Researchers conducted a single center, prospective cross-sectional study of 76 eyes of 76 patients (mean age 48.01±19.34 years) to assess the accuracy of using SS-OCT to measure geometric lenticular parameters. They also sought a potential association between those variables and age, and observed the effects of cycloplegia. Investigators measured anterior chamber depth (ACD), the radii of curvature of the anterior and posterior surface of the crystalline lens (ALR and PLR), lens thickness (LT), lens equatorial diameter (LED), and lens vault (LV) before and after cycloplegia. They compared pre and post cycloplegic parameters and assigned participants to1 of 3 groups based on their age: 18-40 years (n=28), 41-60 years (n=24), and older than 60 years (n=24). They adjusted for axial length, refractive status, and sex through the use of a multivariate linear regression model.

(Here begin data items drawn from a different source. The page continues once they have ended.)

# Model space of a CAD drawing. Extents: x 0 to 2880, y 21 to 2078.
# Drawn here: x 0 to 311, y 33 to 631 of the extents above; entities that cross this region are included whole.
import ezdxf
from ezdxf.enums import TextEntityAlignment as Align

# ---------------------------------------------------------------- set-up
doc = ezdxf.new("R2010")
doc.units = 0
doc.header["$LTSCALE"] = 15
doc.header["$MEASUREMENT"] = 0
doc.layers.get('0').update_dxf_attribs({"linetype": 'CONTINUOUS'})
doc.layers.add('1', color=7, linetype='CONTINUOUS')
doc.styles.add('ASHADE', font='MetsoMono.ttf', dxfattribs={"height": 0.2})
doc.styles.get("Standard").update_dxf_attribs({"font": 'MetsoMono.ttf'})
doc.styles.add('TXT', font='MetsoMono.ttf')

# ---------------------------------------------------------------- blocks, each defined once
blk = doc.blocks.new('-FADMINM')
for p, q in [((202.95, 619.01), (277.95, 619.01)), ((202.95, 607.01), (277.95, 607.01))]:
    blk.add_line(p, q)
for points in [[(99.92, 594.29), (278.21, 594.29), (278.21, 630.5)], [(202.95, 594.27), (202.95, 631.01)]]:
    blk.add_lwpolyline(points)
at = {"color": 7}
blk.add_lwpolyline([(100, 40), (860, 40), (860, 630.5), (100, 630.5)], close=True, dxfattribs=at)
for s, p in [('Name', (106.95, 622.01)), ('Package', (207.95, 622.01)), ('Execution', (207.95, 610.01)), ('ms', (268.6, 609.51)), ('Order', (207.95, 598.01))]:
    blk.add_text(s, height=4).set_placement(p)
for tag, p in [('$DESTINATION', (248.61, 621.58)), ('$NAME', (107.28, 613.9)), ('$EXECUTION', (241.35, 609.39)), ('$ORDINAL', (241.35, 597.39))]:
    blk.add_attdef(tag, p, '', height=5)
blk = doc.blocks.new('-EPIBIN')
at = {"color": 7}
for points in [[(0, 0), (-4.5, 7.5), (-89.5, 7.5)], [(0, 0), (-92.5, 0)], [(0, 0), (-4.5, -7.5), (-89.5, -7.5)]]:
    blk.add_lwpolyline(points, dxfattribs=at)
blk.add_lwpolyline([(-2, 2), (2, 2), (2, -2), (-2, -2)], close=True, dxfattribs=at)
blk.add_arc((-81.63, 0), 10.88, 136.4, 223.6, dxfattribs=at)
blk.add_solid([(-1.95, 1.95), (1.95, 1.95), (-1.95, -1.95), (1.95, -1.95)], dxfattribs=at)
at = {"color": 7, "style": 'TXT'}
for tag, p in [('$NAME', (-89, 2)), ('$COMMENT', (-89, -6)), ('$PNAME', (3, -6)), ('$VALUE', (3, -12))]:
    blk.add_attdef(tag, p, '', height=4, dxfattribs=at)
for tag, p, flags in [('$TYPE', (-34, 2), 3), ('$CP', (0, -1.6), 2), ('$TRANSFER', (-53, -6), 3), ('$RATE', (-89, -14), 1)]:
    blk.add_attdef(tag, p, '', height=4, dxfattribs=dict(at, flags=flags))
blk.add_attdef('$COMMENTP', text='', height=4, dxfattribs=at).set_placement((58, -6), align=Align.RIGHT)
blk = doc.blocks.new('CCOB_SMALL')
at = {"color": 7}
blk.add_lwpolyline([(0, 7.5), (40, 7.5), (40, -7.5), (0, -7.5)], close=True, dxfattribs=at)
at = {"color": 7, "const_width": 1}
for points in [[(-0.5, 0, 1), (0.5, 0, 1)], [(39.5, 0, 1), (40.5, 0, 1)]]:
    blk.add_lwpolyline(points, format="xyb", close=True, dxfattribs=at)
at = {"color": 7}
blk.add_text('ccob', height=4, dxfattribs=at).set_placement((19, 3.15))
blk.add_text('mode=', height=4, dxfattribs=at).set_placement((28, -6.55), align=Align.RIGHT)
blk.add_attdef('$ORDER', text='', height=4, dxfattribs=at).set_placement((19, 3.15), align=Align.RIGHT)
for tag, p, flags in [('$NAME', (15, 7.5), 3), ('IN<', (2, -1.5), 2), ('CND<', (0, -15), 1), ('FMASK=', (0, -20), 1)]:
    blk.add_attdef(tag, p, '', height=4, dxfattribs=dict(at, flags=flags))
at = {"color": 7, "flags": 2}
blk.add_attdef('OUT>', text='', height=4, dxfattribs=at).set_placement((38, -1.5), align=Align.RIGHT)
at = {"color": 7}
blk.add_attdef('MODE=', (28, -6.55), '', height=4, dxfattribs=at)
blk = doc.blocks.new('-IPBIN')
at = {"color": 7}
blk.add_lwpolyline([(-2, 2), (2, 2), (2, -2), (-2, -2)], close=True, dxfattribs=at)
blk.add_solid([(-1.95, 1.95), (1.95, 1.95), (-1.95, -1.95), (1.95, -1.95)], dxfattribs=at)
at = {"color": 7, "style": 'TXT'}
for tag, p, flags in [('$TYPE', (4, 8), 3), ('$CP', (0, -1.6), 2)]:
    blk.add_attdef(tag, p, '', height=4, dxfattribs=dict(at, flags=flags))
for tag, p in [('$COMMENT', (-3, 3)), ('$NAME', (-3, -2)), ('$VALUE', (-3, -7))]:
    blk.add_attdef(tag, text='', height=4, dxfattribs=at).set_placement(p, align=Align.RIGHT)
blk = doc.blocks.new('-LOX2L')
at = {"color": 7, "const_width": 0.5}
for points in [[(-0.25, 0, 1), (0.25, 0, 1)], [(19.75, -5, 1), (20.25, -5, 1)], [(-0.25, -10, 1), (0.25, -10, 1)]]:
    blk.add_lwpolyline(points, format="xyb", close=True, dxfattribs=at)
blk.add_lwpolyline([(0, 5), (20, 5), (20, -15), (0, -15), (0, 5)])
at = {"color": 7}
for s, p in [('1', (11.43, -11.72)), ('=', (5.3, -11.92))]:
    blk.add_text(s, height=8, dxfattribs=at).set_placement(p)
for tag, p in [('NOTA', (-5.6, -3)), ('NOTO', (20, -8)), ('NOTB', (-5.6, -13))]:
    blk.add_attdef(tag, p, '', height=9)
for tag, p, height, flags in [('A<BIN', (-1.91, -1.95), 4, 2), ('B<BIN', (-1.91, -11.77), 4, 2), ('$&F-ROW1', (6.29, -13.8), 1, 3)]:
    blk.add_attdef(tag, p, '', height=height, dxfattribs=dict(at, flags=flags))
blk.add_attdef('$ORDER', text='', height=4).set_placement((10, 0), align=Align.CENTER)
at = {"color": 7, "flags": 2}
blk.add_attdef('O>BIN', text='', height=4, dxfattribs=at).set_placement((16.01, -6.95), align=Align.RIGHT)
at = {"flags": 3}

The  investigators found that ALR and ACD were negatively correlated with age (P ≤.002), while LT, LV, and LED were positively correlated with age (P ≤.004). ALR and ACD significantly increased, and LV and LT significantly decreased post cycloplegia in patients younger than 60 years (P <.001 for all). ALR and ACD significantly decreased while LT and LV significantly increased post cycloplegia in participants older than 60 years (P =.001, P =.014, P <.001, and P =.001, respectively).

“The crystalline lens morphology measured by the SS-OCT revealed steepening anterior surface and increasing equatorial diameter with age. Cycloplegia caused a significant change of anterior surface morphology in participants younger than 60 years, and this effect diminished with age,” according to the investigators, who concluded that SS-OCT is a reliable tool for observation of crystalline lens morphology.

Limitations of the study include a single center design, small sample size, and a discrepancy in mean LED measurements obtained by SS-OCT and magnetic resonance imaging (MRI).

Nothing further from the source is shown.